Reginald Jacob Cannon (born June 11, 1998) is an American professional soccer player who plays as a right-back for Portuguese Primeira Liga club Boavista and the United States national team.

He played one year of college soccer for the UCLA Bruins in 2016 and made his Major League Soccer debut for FC Dallas the following year, totalling 75 appearances for the club. In 2020, he moved to Boavista for a potential fee of $3.5 million.

Cannon made his first appearance for the United States national team in 2018. He played at the CONCACAF Gold Cup in 2019 and 2021, winning the latter as well as the 2021 CONCACAF Nations League Finals

Youth and development 
Cannon played high school soccer at Grapevine Faith Christian School in Grapevine, Texas, coached by Matt McKinney. During his freshman year Grapevine Faith won the TAPPS Division 2 Texas state championship in boys' soccer. In high school Cannon played for the FC Dallas academy team. Cannon won back-to-back national championships for FC Dallas's academy before joining University of California, Los Angeles.

Cannon played one year of college soccer at the University of California, Los Angeles in 2016, making 20 appearances for the Bruins. He was one of three players and the only freshman to appear in and start every match for the Bruins.
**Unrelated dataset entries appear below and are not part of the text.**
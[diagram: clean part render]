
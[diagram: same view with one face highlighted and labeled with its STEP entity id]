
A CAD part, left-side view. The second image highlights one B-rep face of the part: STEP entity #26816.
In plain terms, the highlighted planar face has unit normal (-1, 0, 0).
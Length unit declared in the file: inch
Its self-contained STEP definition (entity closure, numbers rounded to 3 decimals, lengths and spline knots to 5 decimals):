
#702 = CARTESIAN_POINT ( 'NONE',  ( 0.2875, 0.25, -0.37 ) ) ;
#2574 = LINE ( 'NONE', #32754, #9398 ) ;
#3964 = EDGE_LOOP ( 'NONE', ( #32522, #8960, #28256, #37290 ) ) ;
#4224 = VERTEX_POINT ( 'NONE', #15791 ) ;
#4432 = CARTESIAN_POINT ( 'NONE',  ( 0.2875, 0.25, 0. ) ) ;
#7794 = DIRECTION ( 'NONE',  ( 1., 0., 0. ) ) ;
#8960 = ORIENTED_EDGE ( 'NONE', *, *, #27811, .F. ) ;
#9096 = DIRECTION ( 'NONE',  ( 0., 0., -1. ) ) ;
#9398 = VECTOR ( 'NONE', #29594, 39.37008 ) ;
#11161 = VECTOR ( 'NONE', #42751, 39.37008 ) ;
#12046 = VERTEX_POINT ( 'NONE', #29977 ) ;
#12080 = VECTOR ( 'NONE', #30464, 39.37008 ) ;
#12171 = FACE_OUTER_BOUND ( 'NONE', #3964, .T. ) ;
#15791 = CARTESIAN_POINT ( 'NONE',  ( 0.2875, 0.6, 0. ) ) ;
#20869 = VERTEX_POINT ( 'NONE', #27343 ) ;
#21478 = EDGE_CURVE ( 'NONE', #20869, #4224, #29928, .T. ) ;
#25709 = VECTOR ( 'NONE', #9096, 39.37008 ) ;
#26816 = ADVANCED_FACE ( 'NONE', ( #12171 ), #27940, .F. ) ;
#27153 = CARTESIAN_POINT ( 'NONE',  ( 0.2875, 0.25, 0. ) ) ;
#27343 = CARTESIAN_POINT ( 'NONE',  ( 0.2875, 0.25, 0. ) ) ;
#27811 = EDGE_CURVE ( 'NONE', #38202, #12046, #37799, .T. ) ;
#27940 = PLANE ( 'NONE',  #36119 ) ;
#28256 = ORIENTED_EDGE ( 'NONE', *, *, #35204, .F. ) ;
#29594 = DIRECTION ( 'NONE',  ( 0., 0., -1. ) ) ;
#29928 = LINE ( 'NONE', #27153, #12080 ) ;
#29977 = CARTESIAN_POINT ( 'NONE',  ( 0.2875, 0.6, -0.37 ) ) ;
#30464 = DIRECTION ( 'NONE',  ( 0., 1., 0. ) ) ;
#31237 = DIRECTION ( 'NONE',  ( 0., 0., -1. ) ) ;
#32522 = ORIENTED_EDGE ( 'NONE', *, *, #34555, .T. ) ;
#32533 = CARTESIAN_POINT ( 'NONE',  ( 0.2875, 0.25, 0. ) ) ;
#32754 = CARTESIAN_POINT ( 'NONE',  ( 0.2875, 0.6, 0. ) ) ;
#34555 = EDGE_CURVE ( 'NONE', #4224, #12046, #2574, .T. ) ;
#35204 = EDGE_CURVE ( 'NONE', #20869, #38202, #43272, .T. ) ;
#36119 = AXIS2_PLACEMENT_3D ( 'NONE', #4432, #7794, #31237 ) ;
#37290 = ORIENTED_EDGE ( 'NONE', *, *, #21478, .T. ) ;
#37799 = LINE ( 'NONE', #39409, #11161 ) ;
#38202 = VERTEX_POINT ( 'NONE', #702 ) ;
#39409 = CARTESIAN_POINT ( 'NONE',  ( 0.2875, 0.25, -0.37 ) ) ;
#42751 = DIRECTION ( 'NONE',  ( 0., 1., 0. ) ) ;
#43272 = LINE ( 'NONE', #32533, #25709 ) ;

Further, he finished the year having played 1,753 minutes; playing the third most minutes on the team.

Professional career

FC Dallas 
Cannon left college and signed a homegrown player contract with FC Dallas on December 22, 2016. He was the 18th homegrown player in Dallas's history.

On June 14, 2017, he made his professional debut when he started in a 2–1 win over Tulsa Roughnecks in the Lamar Hunt U.S. Open Cup. Cannon made his MLS debut for the club on September 2, in a 2–2 tie at home to the New York Red Bulls, as an added-time substitute for Michael Barrios.

In the 2018 season, Cannon cemented his place as a regular starter for the team. He made his first start for the team in their first game of the season, a 1–1 tie at home to Real Salt Lake on March 4. He totalled 34 appearances, and scored once to open a 2–2 tie against Vancouver Whitecaps FC at the Toyota Stadium on May 19.

Cannon played 29 games for Dallas in the 2019 season. He scored two goals for the team, a career high for the defender.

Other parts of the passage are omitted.